During a live debate on her protest, Lathika Subhash briefly addressed the strife of women politicians in India, to Lok Sabha MP Rajmohan Unnithan with a striking euphemism, “While you spend a rupee on political activity, us women have to spend five rupees for the same.”
From the vocal women-led protests like the Nilpu Samaram (Standing Agitation) of 2014 and Pembilai Orumai (Women Unity) of 2015, to the massive protests against the Citizenship Amendment Act of 2019 that had hit national headlines, Kerala is not inherently new to public agitation. The protest of Lathika Subhash was not only unforeseen but supposedly ‘shocking’ to the rest of the state. Nevertheless, built by the proletariat and the mass movements carved by early communism against caste hierarchies, the power of protest is not forgotten in the minds of Malayalis. Therefore, amidst the unsuspecting passing of legislative baton to another male member, this act of resistance by a KMC President would, with any luck, sow a moment of thought to the populace.
Kerala’s political gamble between women and religion
The KPCC has been increasingly rationalising ignorance to expand public support in the past year. While the toxicity of Hindutva hasn’t succeeded in taking over the government of Kerala yet, the state is a boiling pot of conditioned misogyny and communalism waiting to spill, carefully harnessed over many years by the BJP and now has the UDF playing the same game. The Sabarimala issue, which is once again under consideration by the Supreme Court in the light of elections, was prematurely stirred by the UDF recently.
Earlier this year the UDF released the draft of a legislation– Sabarimala Ayyappa Devotees (Protection of Religious Rights, Customs and Usages) Act, 2021- crafted to incarcerate anyone who would violate the ritual practices of the temple– to be implemented if the party won upcoming elections. While the SC had permitted temple entry for women in 2018, the LDF-led state government returned to the stance of restricting women from ages 10 to 65 from entering the shrine in 2020. Chief Minister Pinaray Vijayan however, addressed the issue recently in light of the UDF draft and assured that the state government will discuss with ‘every section of society’ prior to implementation of whatever the SC decrees.
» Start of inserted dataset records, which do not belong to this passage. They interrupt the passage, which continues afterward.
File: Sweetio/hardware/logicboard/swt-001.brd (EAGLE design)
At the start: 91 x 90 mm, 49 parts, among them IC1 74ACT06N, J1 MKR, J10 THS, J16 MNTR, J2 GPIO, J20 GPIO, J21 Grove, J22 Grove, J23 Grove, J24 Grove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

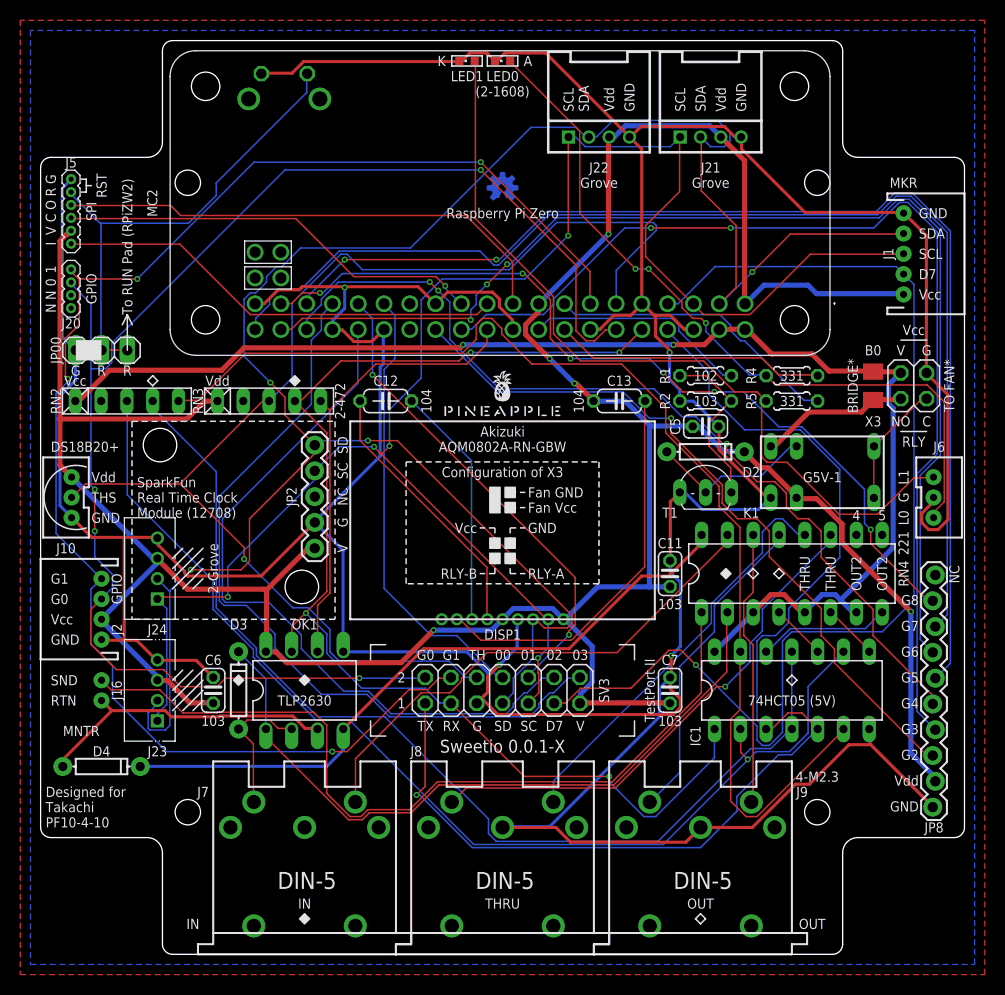
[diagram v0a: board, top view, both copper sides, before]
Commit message: Fixed signaling.
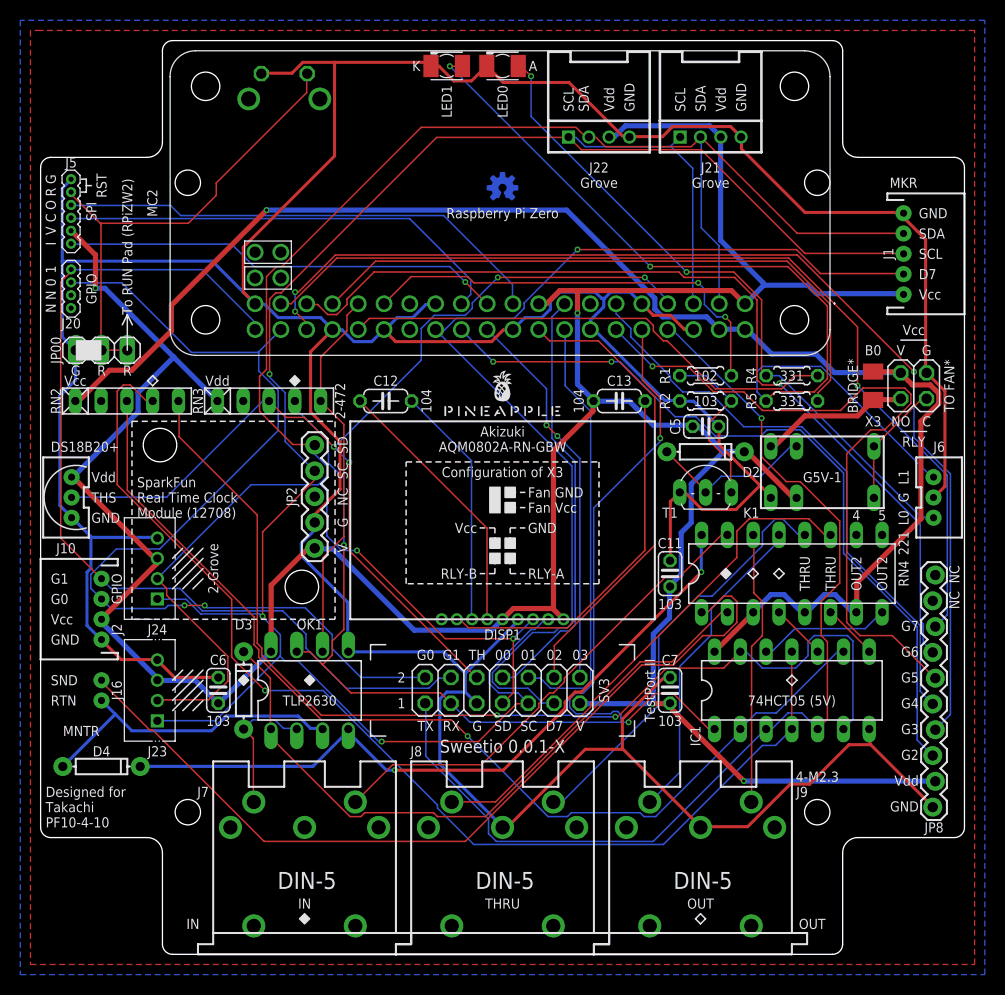
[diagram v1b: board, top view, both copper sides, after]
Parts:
- LED0, LED1: device led:CHIPLED_0603 -> led:KA-3528ASYC
- moved LED1 2.06 mm to (40.0, 87.5), turned to 180 degrees
- moved C6 0.50 mm to (17.5, 26.0)
- moved D3 0.50 mm to (20.0, 26.0)
- moved LED0 0.50 mm to (45.5, 87.5), turned to 180 degrees
- moved OK1 0.50 mm to (26.5, 26.0)
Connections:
- removed net GPIO8: JP8.9, MC2.37
- net DIGITAL7: now also MC2.26; no longer MC2.7
- net DTCT0: now also MC2.15; no longer MC2.29
- net DTCT1: now also MC2.16; no longer MC2.31
- net DTCT2: now also MC2.18; no longer MC2.32
- net DTCT3: now also MC2.22; no longer MC2.33
- net GPIO0: now also MC2.38; no longer MC2.12
- net GPIO1: now also MC2.40; no longer MC2.13
- net GPIO2: now also MC2.24; no longer MC2.26
- net GPIO3: now also MC2.36; no longer MC2.24
- net GPIO4: now also MC2.11; no longer MC2.36
- net GPIO5: now also MC2.12; no longer MC2.35
- net GPIO6: now also MC2.35; no longer MC2.38
- net GPIO7: now also MC2.37; no longer MC2.40
- net LED0: now also MC2.32; no longer MC2.16
- net LED1: now also MC2.33; no longer MC2.15
- net MNTR: now also MC2.31; no longer MC2.22
- net RLY: now also MC2.29; no longer MC2.18
- net THS: now also MC2.7; no longer MC2.11
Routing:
- net GPIO8: track 83.8 -> 0.00 mm, vias 6 -> 0
- net GPIO1: track 148.2 -> 93.7 mm, vias 4 -> 0
- net GPIO0: track 145.5 -> 96.3 mm, vias 4 -> 2
- net GPIO5: track 114.5 -> 70.4 mm, vias 2 -> 1
- net DTCT3: track 76.8 -> 38.1 mm, vias 0 -> 2
- net SCL: track 174.9 -> 211.1 mm, vias 5 -> 3
- net LED1: track 29.2 -> 62.6 mm
- net GPIO4: track 88.6 -> 57.2 mm, vias 3 -> 0
- net DTCT2: track 71.9 -> 45.9 mm
- net GPIO6: track 115.7 -> 91.1 mm, vias 3 -> 1
- net LED0: track 26.8 -> 49.4 mm
- net GPIO7: track 116.5 -> 95.1 mm, vias 0 -> 1
- net RLY: track 22.1 -> 43.3 mm, vias 0 -> 2
- net THS: track 123.0 -> 103.4 mm, vias 1 -> 4
- net VCC: track 129.9 -> 148.7 mm, vias 2 -> 1
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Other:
- board text removed: "(2-1608)"

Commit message: Fixed Sweetio.
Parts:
- moved LOGO1 2.00 mm to (45.5, 73.5)
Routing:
- net SDA: track 194.3 -> 259.0 mm, vias 2 -> 4
- net SCL: track 211.1 -> 238.5 mm
- net LED0A: track 65.8 -> 90.1 mm, vias 2 -> 1
- net NMO2RTN: track 103.9 -> 123.2 mm, vias 2 -> 1
- net DTCT3: track 38.1 -> 56.1 mm, vias 2 -> 1
- net GPIO5: track 70.4 -> 52.8 mm, vias 1 -> 2
- net VDD: track 313.8 -> 330.9 mm
- net RX: track 124.0 -> 140.7 mm, vias 3 -> 1
- net GPIO7: track 95.1 -> 110.2 mm, vias 1 -> 2
- net DIGITAL7: track 103.2 -> 117.3 mm, vias 1 -> 2
- net GND: track 466.8 -> 479.7 mm, vias 0 -> 3
- net GPIO6: track 91.1 -> 100.3 mm, vias 1 -> 2
- net NMORTN: track 110.6 -> 102.3 mm
- net MIDIINSND: track 66.4 -> 74.4 mm
- net MNTRA: track 84.6 -> 76.8 mm, vias 0 -> 2
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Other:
- board text removed: "G8"
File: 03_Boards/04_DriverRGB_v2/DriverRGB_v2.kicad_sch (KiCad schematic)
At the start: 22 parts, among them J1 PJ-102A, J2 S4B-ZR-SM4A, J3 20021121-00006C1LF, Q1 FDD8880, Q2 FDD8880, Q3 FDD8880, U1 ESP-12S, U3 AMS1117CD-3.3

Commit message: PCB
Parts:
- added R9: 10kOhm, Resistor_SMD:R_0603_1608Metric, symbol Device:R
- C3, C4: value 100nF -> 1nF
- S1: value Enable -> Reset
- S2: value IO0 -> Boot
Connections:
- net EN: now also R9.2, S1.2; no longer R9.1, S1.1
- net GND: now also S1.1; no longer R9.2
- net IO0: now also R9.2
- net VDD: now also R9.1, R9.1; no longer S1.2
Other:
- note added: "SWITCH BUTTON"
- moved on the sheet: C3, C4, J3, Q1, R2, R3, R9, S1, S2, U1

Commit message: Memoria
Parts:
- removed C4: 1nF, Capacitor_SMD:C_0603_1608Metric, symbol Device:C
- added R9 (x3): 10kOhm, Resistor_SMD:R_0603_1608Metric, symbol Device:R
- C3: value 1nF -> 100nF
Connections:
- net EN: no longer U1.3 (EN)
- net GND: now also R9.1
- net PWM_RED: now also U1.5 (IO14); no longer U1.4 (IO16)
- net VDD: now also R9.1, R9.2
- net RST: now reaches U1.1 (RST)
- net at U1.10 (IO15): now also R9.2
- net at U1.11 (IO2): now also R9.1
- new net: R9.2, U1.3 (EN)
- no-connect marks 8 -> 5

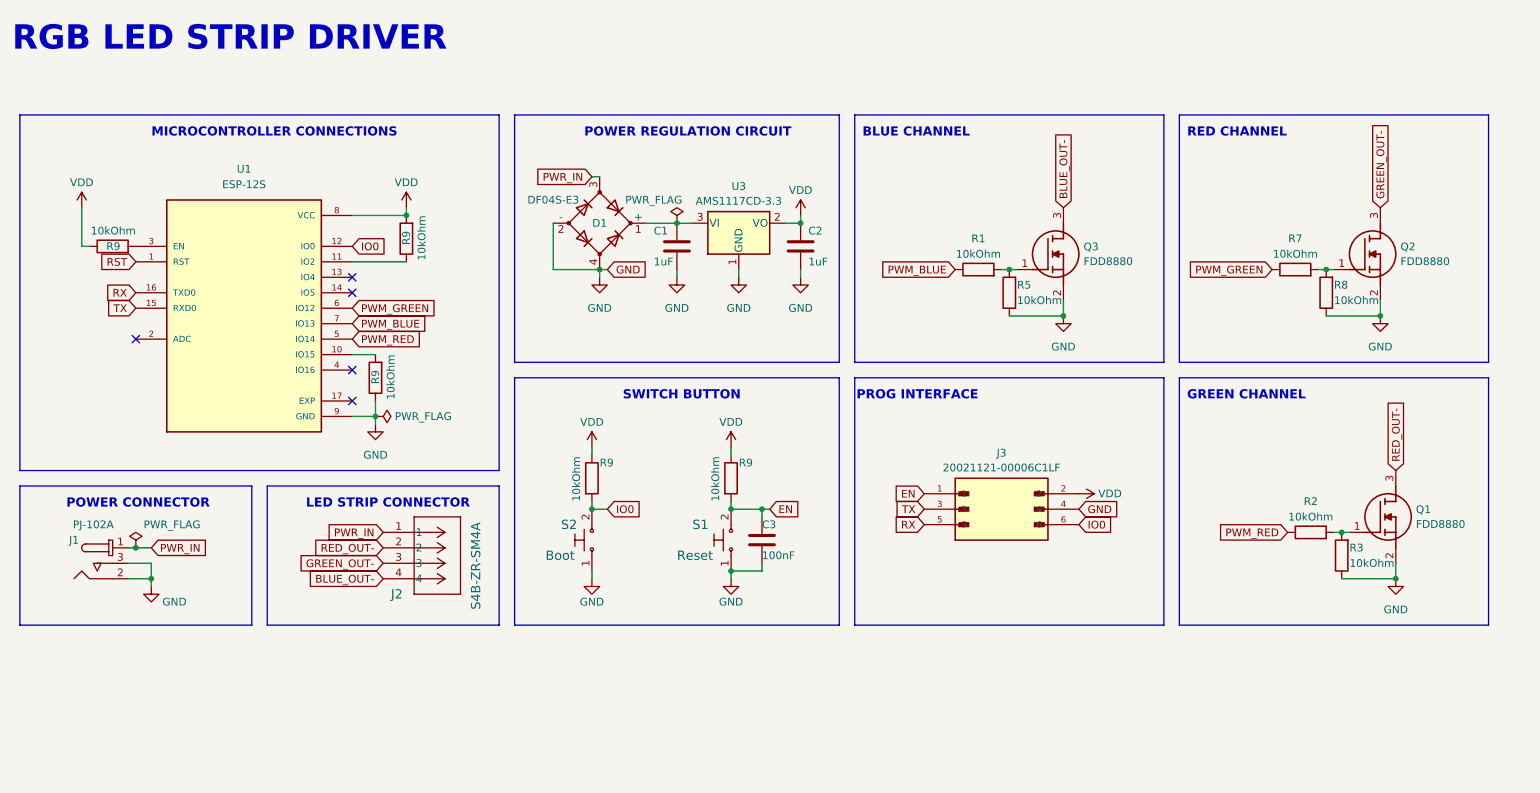
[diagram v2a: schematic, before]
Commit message: Rediseño del esquemático del PCB
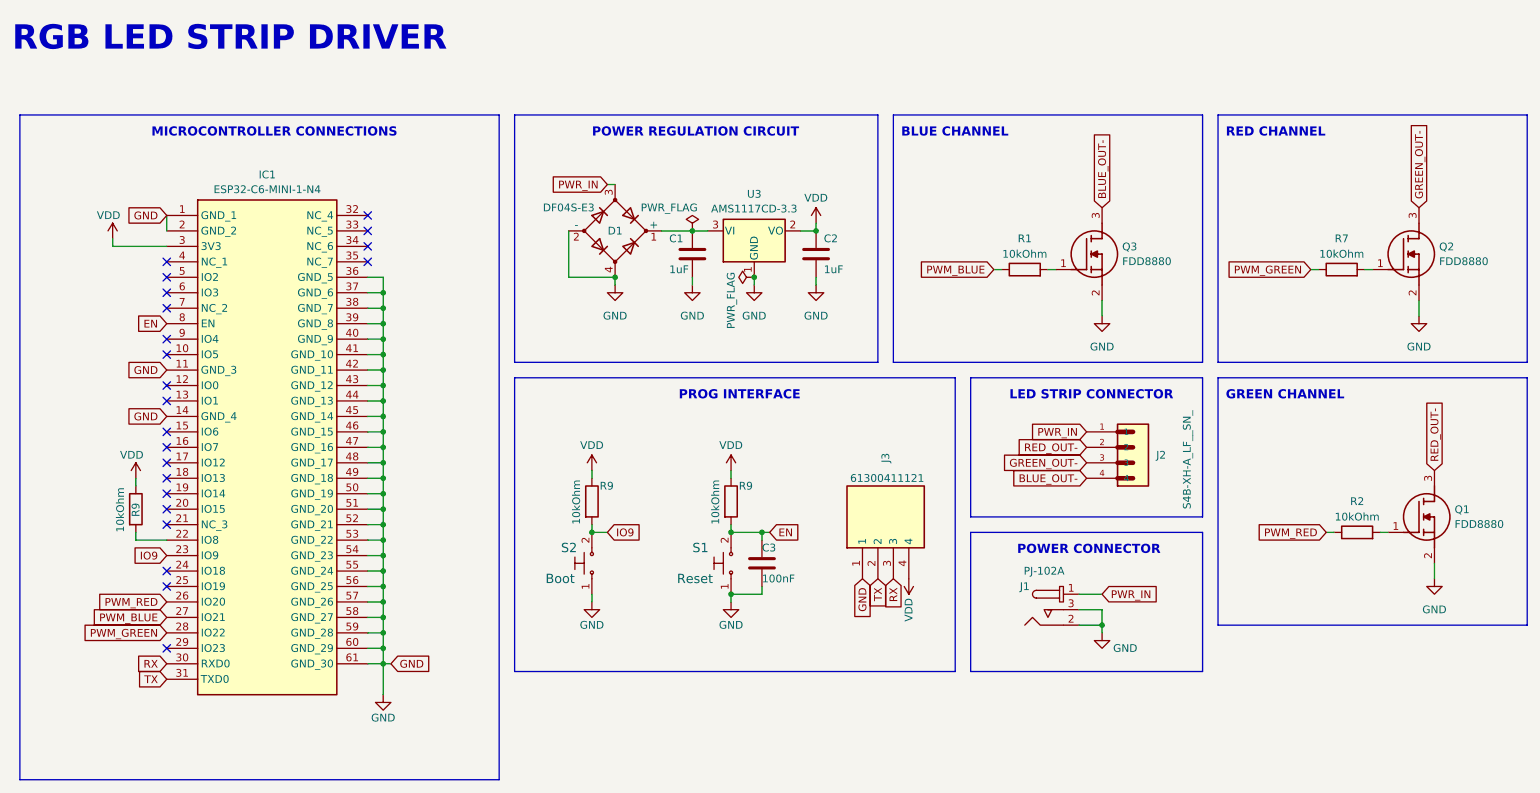
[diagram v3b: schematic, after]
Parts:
- removed J2: S4B-ZR-SM4A, 01_Footprints:S4B-ZR-SM4A-TF-LF, symbol S4B-ZR-SM4A-TF-LF:S4B-ZR-SM4A-TFLFSN
- removed J3: 20021121-00006C1LF, 01_Footprints:20021121-00006C1LF, symbol 20021121-00006C1LF:20021121-00006C1LF
- removed R3, R5, R8, R9 (x3): 10kOhm, Resistor_SMD:R_0603_1608Metric, symbol Device:R
- removed U1: ESP-12S, 01_Footprints:ESP-12S, symbol ESP-12S:ESP-12S
- added IC1: ESP32-C6-MINI-1-N4, 01_Footprints:ESP32-C6-MINI-1-N4, symbol ESP32-C6-MINI-1-N4:ESP32-C6-MINI-1-N4
- added J2: S4B-XH-A_LF__SN_, 01_Footprints:S4B-XH-A_LF__SN_, symbol S4B-XH-A_LF__SN_:S4B-XH-A_LF__SN_
- added J3: 61300411121, 01_Footprints:61300411121, symbol 61300411121:61300411121
- added R9: 10kOhm, Resistor_SMD:R_0603_1608Metric, symbol Device:R
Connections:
- net BLUE_OUT-: now also J2.4
- net EN: now also IC1.8 (EN)
- net GND: now also IC1.1 (GND_1), IC1.11 (GND_3), IC1.14 (GND_4), IC1.2 (GND_2), IC1.36 (GND_5), IC1.37 (GND_6), IC1.38 (GND_7), IC1.39 (GND_8), IC1.40 (GND_9), IC1.41 (GND_10), IC1.42 (GND_11), IC1.43 (GND_12), IC1.44 (GND_13), IC1.45 (GND_14), IC1.46 (GND_15), IC1.47 (GND_16), IC1.48 (GND_17), IC1.49 (GND_18), IC1.50 (GND_19), IC1.51 (GND_20), IC1.52 (GND_21), IC1.53 (GND_22), IC1.54 (GND_23), IC1.55 (GND_24), IC1.56 (GND_25), IC1.57 (GND_26), IC1.58 (GND_27), IC1.59 (GND_28), IC1.60 (GND_29), IC1.61 (GND_30), J3.1
- net GREEN_OUT-: now also J2.3
- net PWM_BLUE: now also IC1.27 (IO21)
- net PWM_GREEN: now also IC1.28 (IO22)
- net PWM_RED: now also IC1.26 (IO20)
- net PWR_IN: now also J2.1
- net RED_OUT-: now also J2.2
- net RX: now also IC1.30 (RXD0), J3.3
- net TX: now also IC1.31 (TXD0), J3.2
- net VDD: now also IC1.3 (3V3), J3.4, R9.1
- net IO0 renamed IO9
- net IO9: now also IC1.23 (IO9)
- new net: IC1.22 (IO8), R9.2
- no-connect marks 5 -> 22
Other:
- note removed: "SWITCH BUTTON"
- moved on the sheet: C1, C2, C3, D1, J1, Q1, Q2, Q3, R1, R2, R7, R9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

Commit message: Board desing v2
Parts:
- renumbered U3 to U1
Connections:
- net PWM_BLUE: now also IC1.26 (IO20); no longer IC1.27 (IO21)
- net PWM_GREEN: now also IC1.27 (IO21); no longer IC1.28 (IO22)
- net PWM_RED: now also IC1.28 (IO22); no longer IC1.26 (IO20)
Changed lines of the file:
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@@
   (title_block
     (title "RGB LED STRIP DRIVER")
-    (date "18/06/2024")
+    (date "20/06/2024")
     (rev "v02")
     (company "Schematic")
@@
     )
   )
-  (global_label "PWM_RED" (shape input) (at 52.07 128.27 180) (fields_autoplaced)
-    (effects (font (size 1.27 1.27)) (justify right))
-    (property "Intersheetrefs" "${INTERSHEET_REFS}" (at 40.2554 128.27 0)
+  (global_label "PWM_RED" (shape input) (at 52.07 133.35 180) (fields_autoplaced)
+    (effects (font (size 1.27 1.27)) (justify right))
+    (property "Intersheetrefs" "${INTERSHEET_REFS}" (at 40.2554 133.35 0)
       (effects (font (size 1.27 1.27)) (justify right) hide)
     )
@@
     )
   )
-  (global_label "PWM_GREEN" (shape input) (at 52.07 133.35 180) (fields_autoplaced)
-    (effects (font (size 1.27 1.27)) (justify right))
-    (property "Intersheetrefs" "${INTERSHEET_REFS}" (at 37.7759 133.35 0)
+  (global_label "PWM_GREEN" (shape input) (at 52.07 130.81 180) (fields_autoplaced)
+    (effects (font (size 1.27 1.27)) (justify right))
+    (property "Intersheetrefs" "${INTERSHEET_REFS}" (at 37.7759 130.81 0)
       (effects (font (size 1.27 1.27)) (justify right) hide)
     )
@@
     )
   )
-  (global_label "PWM_BLUE" (shape input) (at 52.07 130.81 180) (fields_autoplaced)
-    (effects (font (size 1.27 1.27)) (justify right))
-    (property "Intersheetrefs" "${INTERSHEET_REFS}" (at 39.1668 130.81 0)
+  (global_label "PWM_BLUE" (shape input) (at 52.07 128.27 180) (fields_autoplaced)
+    (effects (font (size 1.27 1.27)) (justify right))
+    (property "Intersheetrefs" "${INTERSHEET_REFS}" (at 39.1668 128.27 0)
       (effects (font (size 1.27 1.27)) (justify right) hide)
     )
@@
       (project "DriverRGB_v2"
         (path "/8cad6e61-0be6-474b-8ad7-614d0726c0fd"
-          (reference "C3") (unit 1)
+          (reference "C2") (unit 1)
         )
       )
@@
       (project "DriverRGB_v2"
         (path "/8cad6e61-0be6-474b-8ad7-614d0726c0fd"
-          (reference "C4") (unit 1)
+          (reference "C3") (unit 1)
         )
       )
@@
       (project "DriverRGB_v2"
         (path "/8cad6e61-0be6-474b-8ad7-614d0726c0fd"
-          (reference "R7") (unit 1)
+          (reference "R5") (unit 1)
         )
       )
@@
       (project "DriverRGB_v2"
         (path "/8cad6e61-0be6-474b-8ad7-614d0726c0fd"
-          (reference "R8") (unit 1)
+          (reference "R6") (unit 1)
         )
       )
@@
   (symbol (lib_id "Regulator_Linear:AMS1117CD-3.3") (at 148.59 67.31 0) (unit 1)
     (in_bom yes) (on_board yes) (dnp no) (fields_autoplaced)
-    (property "Reference" "U3" (at 148.59 61.2607 0)
+    (property "Reference" "U1" (at 148.59 61.2607 0)
       (effects (font (size 1.27 1.27)))
     )
@@
       (project "DriverRGB_v2"
         (path "/8cad6e61-0be6-474b-8ad7-614d0726c0fd"
-          (reference "U3") (unit 1)
+          (reference "U1") (unit 1)
         )
       )
@@
       (project "DriverRGB_v2"
         (path "/8cad6e61-0be6-474b-8ad7-614d0726c0fd"
-          (reference "R5") (unit 1)
-        )
-      )
+          (reference "R4") (unit 1)
+        )
+      )

The UDF attempt at gnawing at religion and oppression to their benefit doesn’t end here. A few days ago, a disturbing video was released by the UDF drawing a seemingly stark contrast between “real believers” and women who ‘push themselves’ to Sabarimala -not out of faith, but supposedly out of spite.
The video, now taken down by the UDF after widespread criticism, shows on one side, the black-clad, barefoot men, meant to be the true pilgrims of Sabarimala; and on the other a group of “lipstick wearing, selfie-taking” women with covered feet, makeup and knapsacks, taking selfies, while under the protection of the police. A group of devout Hindu women are shown watching this visual in contempt. “A legislation for the protection of faith, UDF’s promise” was the closing statement of the campaigning video which was later taken down.
Not only were the contents of the video hateful and demeaning to women, the narrative was largely drawn by the incident of Bindu and Kanaka who first entered the temple under police protection. In early 2019, Kanaka Durga and Bindu Ammini were the first Malayali women to enter the Sabarimala and pray at the sanctum in centuries. On account of the raging state-wide protest against the temple entry by the public, largely fueled by the right wing, Bindu and Kanaka were given police protection throughout the climb.
Misogyny in India has been intertwined with religion for centuries, both as a facilitator and a consequence of each other. The UDF and BJP’s attempt at reaping from these for political motives is not only sickening and shameful but also revealing.